=== GIVEN DATA ===

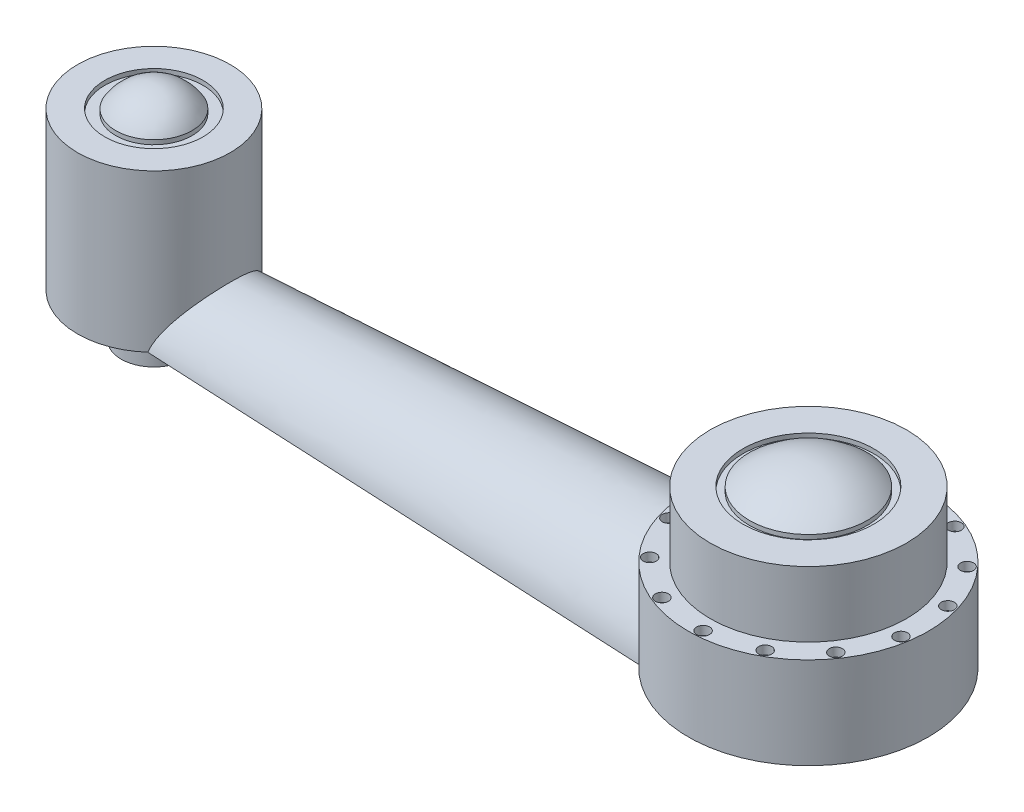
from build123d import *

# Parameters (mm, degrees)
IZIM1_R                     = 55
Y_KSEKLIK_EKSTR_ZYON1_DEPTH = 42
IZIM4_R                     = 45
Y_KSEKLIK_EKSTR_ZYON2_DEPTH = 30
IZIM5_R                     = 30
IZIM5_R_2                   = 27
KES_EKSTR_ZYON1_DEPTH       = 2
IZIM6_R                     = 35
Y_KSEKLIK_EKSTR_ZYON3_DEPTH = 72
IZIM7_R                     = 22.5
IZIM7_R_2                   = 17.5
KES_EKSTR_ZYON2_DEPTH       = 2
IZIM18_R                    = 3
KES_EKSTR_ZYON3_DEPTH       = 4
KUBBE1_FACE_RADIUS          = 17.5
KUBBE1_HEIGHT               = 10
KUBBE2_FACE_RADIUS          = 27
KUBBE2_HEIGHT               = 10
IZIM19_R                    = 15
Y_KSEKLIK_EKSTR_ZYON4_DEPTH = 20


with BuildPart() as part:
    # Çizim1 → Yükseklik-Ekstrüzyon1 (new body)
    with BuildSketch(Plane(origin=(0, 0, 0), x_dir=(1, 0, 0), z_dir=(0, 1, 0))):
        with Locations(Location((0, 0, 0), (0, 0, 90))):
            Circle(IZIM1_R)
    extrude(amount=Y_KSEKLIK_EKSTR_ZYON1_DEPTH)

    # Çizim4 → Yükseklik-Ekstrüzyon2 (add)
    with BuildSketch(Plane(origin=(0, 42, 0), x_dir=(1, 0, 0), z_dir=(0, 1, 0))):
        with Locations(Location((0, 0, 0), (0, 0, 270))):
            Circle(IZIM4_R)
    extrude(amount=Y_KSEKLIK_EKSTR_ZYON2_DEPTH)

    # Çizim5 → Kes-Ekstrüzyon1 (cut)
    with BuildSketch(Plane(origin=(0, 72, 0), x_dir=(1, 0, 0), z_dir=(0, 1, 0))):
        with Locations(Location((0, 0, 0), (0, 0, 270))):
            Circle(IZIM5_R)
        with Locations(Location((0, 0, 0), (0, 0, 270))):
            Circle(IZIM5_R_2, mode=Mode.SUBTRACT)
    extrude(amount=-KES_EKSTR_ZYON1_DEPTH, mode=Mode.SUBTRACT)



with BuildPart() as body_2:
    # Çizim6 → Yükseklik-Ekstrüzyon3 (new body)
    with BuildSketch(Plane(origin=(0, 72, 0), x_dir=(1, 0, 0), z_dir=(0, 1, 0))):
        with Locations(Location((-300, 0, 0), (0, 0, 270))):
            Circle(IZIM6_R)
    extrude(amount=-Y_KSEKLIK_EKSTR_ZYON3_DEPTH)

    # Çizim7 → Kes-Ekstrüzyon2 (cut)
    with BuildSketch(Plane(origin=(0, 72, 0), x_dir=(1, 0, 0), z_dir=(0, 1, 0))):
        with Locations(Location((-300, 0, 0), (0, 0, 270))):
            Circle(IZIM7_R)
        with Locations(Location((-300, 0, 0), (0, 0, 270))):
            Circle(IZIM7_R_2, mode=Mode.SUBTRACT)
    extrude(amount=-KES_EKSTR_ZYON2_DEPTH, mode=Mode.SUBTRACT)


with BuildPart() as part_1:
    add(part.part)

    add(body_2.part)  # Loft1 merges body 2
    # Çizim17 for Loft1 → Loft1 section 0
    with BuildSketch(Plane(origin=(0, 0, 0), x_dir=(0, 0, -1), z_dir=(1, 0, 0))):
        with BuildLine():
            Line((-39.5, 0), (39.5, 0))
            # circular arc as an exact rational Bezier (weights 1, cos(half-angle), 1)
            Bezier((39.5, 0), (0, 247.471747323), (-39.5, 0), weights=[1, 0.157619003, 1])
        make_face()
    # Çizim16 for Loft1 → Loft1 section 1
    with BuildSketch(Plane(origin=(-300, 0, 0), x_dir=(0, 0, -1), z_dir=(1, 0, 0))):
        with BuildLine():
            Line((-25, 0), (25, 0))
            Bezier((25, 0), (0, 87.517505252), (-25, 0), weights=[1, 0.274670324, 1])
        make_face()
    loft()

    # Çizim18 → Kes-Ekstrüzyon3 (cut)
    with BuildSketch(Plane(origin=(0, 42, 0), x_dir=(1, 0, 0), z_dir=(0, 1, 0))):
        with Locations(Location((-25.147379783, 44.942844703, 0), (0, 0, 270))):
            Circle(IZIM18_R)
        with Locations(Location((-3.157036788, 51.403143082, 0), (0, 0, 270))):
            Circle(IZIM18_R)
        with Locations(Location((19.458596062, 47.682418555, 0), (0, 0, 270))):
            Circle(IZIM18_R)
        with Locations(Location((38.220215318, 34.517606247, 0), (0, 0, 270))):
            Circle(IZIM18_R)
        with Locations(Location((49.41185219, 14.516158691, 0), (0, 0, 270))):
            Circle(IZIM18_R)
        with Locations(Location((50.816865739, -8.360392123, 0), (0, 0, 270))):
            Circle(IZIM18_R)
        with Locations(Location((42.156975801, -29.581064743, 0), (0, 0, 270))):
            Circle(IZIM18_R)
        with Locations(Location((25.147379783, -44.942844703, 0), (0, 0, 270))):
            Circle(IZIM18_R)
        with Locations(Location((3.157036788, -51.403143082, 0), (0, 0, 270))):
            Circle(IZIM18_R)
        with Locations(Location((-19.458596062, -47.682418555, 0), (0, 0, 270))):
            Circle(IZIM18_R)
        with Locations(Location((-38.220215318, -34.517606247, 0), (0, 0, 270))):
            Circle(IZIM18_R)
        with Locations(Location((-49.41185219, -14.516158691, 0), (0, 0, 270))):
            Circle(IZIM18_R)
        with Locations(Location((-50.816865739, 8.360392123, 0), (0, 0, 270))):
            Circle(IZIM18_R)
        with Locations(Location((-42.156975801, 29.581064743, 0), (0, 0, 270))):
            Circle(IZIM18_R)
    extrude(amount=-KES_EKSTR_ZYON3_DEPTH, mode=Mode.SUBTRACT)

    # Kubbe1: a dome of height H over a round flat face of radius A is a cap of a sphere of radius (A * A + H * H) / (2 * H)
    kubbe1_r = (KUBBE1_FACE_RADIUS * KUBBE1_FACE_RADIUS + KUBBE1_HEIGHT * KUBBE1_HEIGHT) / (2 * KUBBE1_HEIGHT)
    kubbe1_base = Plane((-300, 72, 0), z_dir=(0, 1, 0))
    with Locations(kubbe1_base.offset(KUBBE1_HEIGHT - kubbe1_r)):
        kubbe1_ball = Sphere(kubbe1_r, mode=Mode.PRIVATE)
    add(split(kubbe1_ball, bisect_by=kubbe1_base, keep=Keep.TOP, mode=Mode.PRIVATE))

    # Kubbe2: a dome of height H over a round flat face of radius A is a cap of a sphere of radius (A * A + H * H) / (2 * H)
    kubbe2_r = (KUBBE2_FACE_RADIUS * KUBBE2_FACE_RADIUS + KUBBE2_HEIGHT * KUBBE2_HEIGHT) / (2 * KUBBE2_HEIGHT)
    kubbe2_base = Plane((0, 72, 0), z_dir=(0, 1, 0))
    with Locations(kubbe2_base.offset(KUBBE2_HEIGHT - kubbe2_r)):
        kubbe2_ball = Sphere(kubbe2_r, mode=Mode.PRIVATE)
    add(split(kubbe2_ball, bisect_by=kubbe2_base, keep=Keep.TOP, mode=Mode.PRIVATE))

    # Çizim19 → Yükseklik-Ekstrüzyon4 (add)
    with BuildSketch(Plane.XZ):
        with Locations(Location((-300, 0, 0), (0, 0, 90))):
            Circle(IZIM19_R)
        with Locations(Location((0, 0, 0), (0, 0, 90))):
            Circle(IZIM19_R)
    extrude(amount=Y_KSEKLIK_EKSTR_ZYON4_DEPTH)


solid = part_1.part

===

(WHAT TO DO) Give back every record exactly. Omit the pictures.

(ANSWER)
from build123d import *

# Parameters (mm, degrees)
IZIM1_R                     = 55
Y_KSEKLIK_EKSTR_ZYON1_DEPTH = 42
IZIM4_R                     = 45
Y_KSEKLIK_EKSTR_ZYON2_DEPTH = 30
IZIM5_R                     = 30
IZIM5_R_2                   = 27
KES_EKSTR_ZYON1_DEPTH       = 2
IZIM6_R                     = 35
Y_KSEKLIK_EKSTR_ZYON3_DEPTH = 72
IZIM7_R                     = 22.5
IZIM7_R_2                   = 17.5
KES_EKSTR_ZYON2_DEPTH       = 2
IZIM18_R                    = 3
KES_EKSTR_ZYON3_DEPTH       = 4
KUBBE1_FACE_RADIUS          = 17.5
KUBBE1_HEIGHT               = 10
KUBBE2_FACE_RADIUS          = 27
KUBBE2_HEIGHT               = 10
IZIM19_R                    = 15
Y_KSEKLIK_EKSTR_ZYON4_DEPTH = 20


with BuildPart() as part:
    # Çizim1 → Yükseklik-Ekstrüzyon1 (new body)
    with BuildSketch(Plane(origin=(0, 0, 0), x_dir=(1, 0, 0), z_dir=(0, 1, 0))):
        with Locations(Location((0, 0, 0), (0, 0, 90))):
            Circle(IZIM1_R)
    extrude(amount=Y_KSEKLIK_EKSTR_ZYON1_DEPTH)

    # Çizim4 → Yükseklik-Ekstrüzyon2 (add)
    with BuildSketch(Plane(origin=(0, 42, 0), x_dir=(1, 0, 0), z_dir=(0, 1, 0))):
        with Locations(Location((0, 0, 0), (0, 0, 270))):
            Circle(IZIM4_R)
    extrude(amount=Y_KSEKLIK_EKSTR_ZYON2_DEPTH)

    # Çizim5 → Kes-Ekstrüzyon1 (cut)
    with BuildSketch(Plane(origin=(0, 72, 0), x_dir=(1, 0, 0), z_dir=(0, 1, 0))):
        with Locations(Location((0, 0, 0), (0, 0, 270))):
            Circle(IZIM5_R)
        with Locations(Location((0, 0, 0), (0, 0, 270))):
            Circle(IZIM5_R_2, mode=Mode.SUBTRACT)
    extrude(amount=-KES_EKSTR_ZYON1_DEPTH, mode=Mode.SUBTRACT)



with BuildPart() as body_2:
    # Çizim6 → Yükseklik-Ekstrüzyon3 (new body)
    with BuildSketch(Plane(origin=(0, 72, 0), x_dir=(1, 0, 0), z_dir=(0, 1, 0))):
        with Locations(Location((-300, 0, 0), (0, 0, 270))):
            Circle(IZIM6_R)
    extrude(amount=-Y_KSEKLIK_EKSTR_ZYON3_DEPTH)

    # Çizim7 → Kes-Ekstrüzyon2 (cut)
    with BuildSketch(Plane(origin=(0, 72, 0), x_dir=(1, 0, 0), z_dir=(0, 1, 0))):
        with Locations(Location((-300, 0, 0), (0, 0, 270))):
            Circle(IZIM7_R)
        with Locations(Location((-300, 0, 0), (0, 0, 270))):
            Circle(IZIM7_R_2, mode=Mode.SUBTRACT)
    extrude(amount=-KES_EKSTR_ZYON2_DEPTH, mode=Mode.SUBTRACT)


with BuildPart() as part_1:
    add(part.part)

    add(body_2.part)  # Loft1 merges body 2
    # Çizim17 for Loft1 → Loft1 section 0
    with BuildSketch(Plane(origin=(0, 0, 0), x_dir=(0, 0, -1), z_dir=(1, 0, 0))):
        with BuildLine():
            Line((-39.5, 0), (39.5, 0))
            # circular arc as an exact rational Bezier (weights 1, cos(half-angle), 1)
            Bezier((39.5, 0), (0, 247.471747323), (-39.5, 0), weights=[1, 0.157619003, 1])
        make_face()
    # Çizim16 for Loft1 → Loft1 section 1
    with BuildSketch(Plane(origin=(-300, 0, 0), x_dir=(0, 0, -1), z_dir=(1, 0, 0))):
        with BuildLine():
            Line((-25, 0), (25, 0))
            Bezier((25, 0), (0, 87.517505252), (-25, 0), weights=[1, 0.274670324, 1])
        make_face()
    loft()

    # Çizim18 → Kes-Ekstrüzyon3 (cut)
    with BuildSketch(Plane(origin=(0, 42, 0), x_dir=(1, 0, 0), z_dir=(0, 1, 0))):
        with Locations(Location((-25.147379783, 44.942844703, 0), (0, 0, 270))):
            Circle(IZIM18_R)
        with Locations(Location((-3.157036788, 51.403143082, 0), (0, 0, 270))):
            Circle(IZIM18_R)
        with Locations(Location((19.458596062, 47.682418555, 0), (0, 0, 270))):
            Circle(IZIM18_R)
        with Locations(Location((38.220215318, 34.517606247, 0), (0, 0, 270))):
            Circle(IZIM18_R)
        with Locations(Location((49.41185219, 14.516158691, 0), (0, 0, 270))):
            Circle(IZIM18_R)
        with Locations(Location((50.816865739, -8.360392123, 0), (0, 0, 270))):
            Circle(IZIM18_R)
        with Locations(Location((42.156975801, -29.581064743, 0), (0, 0, 270))):
            Circle(IZIM18_R)
        with Locations(Location((25.147379783, -44.942844703, 0), (0, 0, 270))):
            Circle(IZIM18_R)
        with Locations(Location((3.157036788, -51.403143082, 0), (0, 0, 270))):
            Circle(IZIM18_R)
        with Locations(Location((-19.458596062, -47.682418555, 0), (0, 0, 270))):
            Circle(IZIM18_R)
        with Locations(Location((-38.220215318, -34.517606247, 0), (0, 0, 270))):
            Circle(IZIM18_R)
        with Locations(Location((-49.41185219, -14.516158691, 0), (0, 0, 270))):
            Circle(IZIM18_R)
        with Locations(Location((-50.816865739, 8.360392123, 0), (0, 0, 270))):
            Circle(IZIM18_R)
        with Locations(Location((-42.156975801, 29.581064743, 0), (0, 0, 270))):
            Circle(IZIM18_R)
    extrude(amount=-KES_EKSTR_ZYON3_DEPTH, mode=Mode.SUBTRACT)

    # Kubbe1: a dome of height H over a round flat face of radius A is a cap of a sphere of radius (A * A + H * H) / (2 * H)
    kubbe1_r = (KUBBE1_FACE_RADIUS * KUBBE1_FACE_RADIUS + KUBBE1_HEIGHT * KUBBE1_HEIGHT) / (2 * KUBBE1_HEIGHT)
    kubbe1_base = Plane((-300, 72, 0), z_dir=(0, 1, 0))
    with Locations(kubbe1_base.offset(KUBBE1_HEIGHT - kubbe1_r)):
        kubbe1_ball = Sphere(kubbe1_r, mode=Mode.PRIVATE)
    add(split(kubbe1_ball, bisect_by=kubbe1_base, keep=Keep.TOP, mode=Mode.PRIVATE))

    # Kubbe2: a dome of height H over a round flat face of radius A is a cap of a sphere of radius (A * A + H * H) / (2 * H)
    kubbe2_r = (KUBBE2_FACE_RADIUS * KUBBE2_FACE_RADIUS + KUBBE2_HEIGHT * KUBBE2_HEIGHT) / (2 * KUBBE2_HEIGHT)
    kubbe2_base = Plane((0, 72, 0), z_dir=(0, 1, 0))
    with Locations(kubbe2_base.offset(KUBBE2_HEIGHT - kubbe2_r)):
        kubbe2_ball = Sphere(kubbe2_r, mode=Mode.PRIVATE)
    add(split(kubbe2_ball, bisect_by=kubbe2_base, keep=Keep.TOP, mode=Mode.PRIVATE))

    # Çizim19 → Yükseklik-Ekstrüzyon4 (add)
    with BuildSketch(Plane.XZ):
        with Locations(Location((-300, 0, 0), (0, 0, 90))):
            Circle(IZIM19_R)
        with Locations(Location((0, 0, 0), (0, 0, 90))):
            Circle(IZIM19_R)
    extrude(amount=Y_KSEKLIK_EKSTR_ZYON4_DEPTH)


solid = part_1.part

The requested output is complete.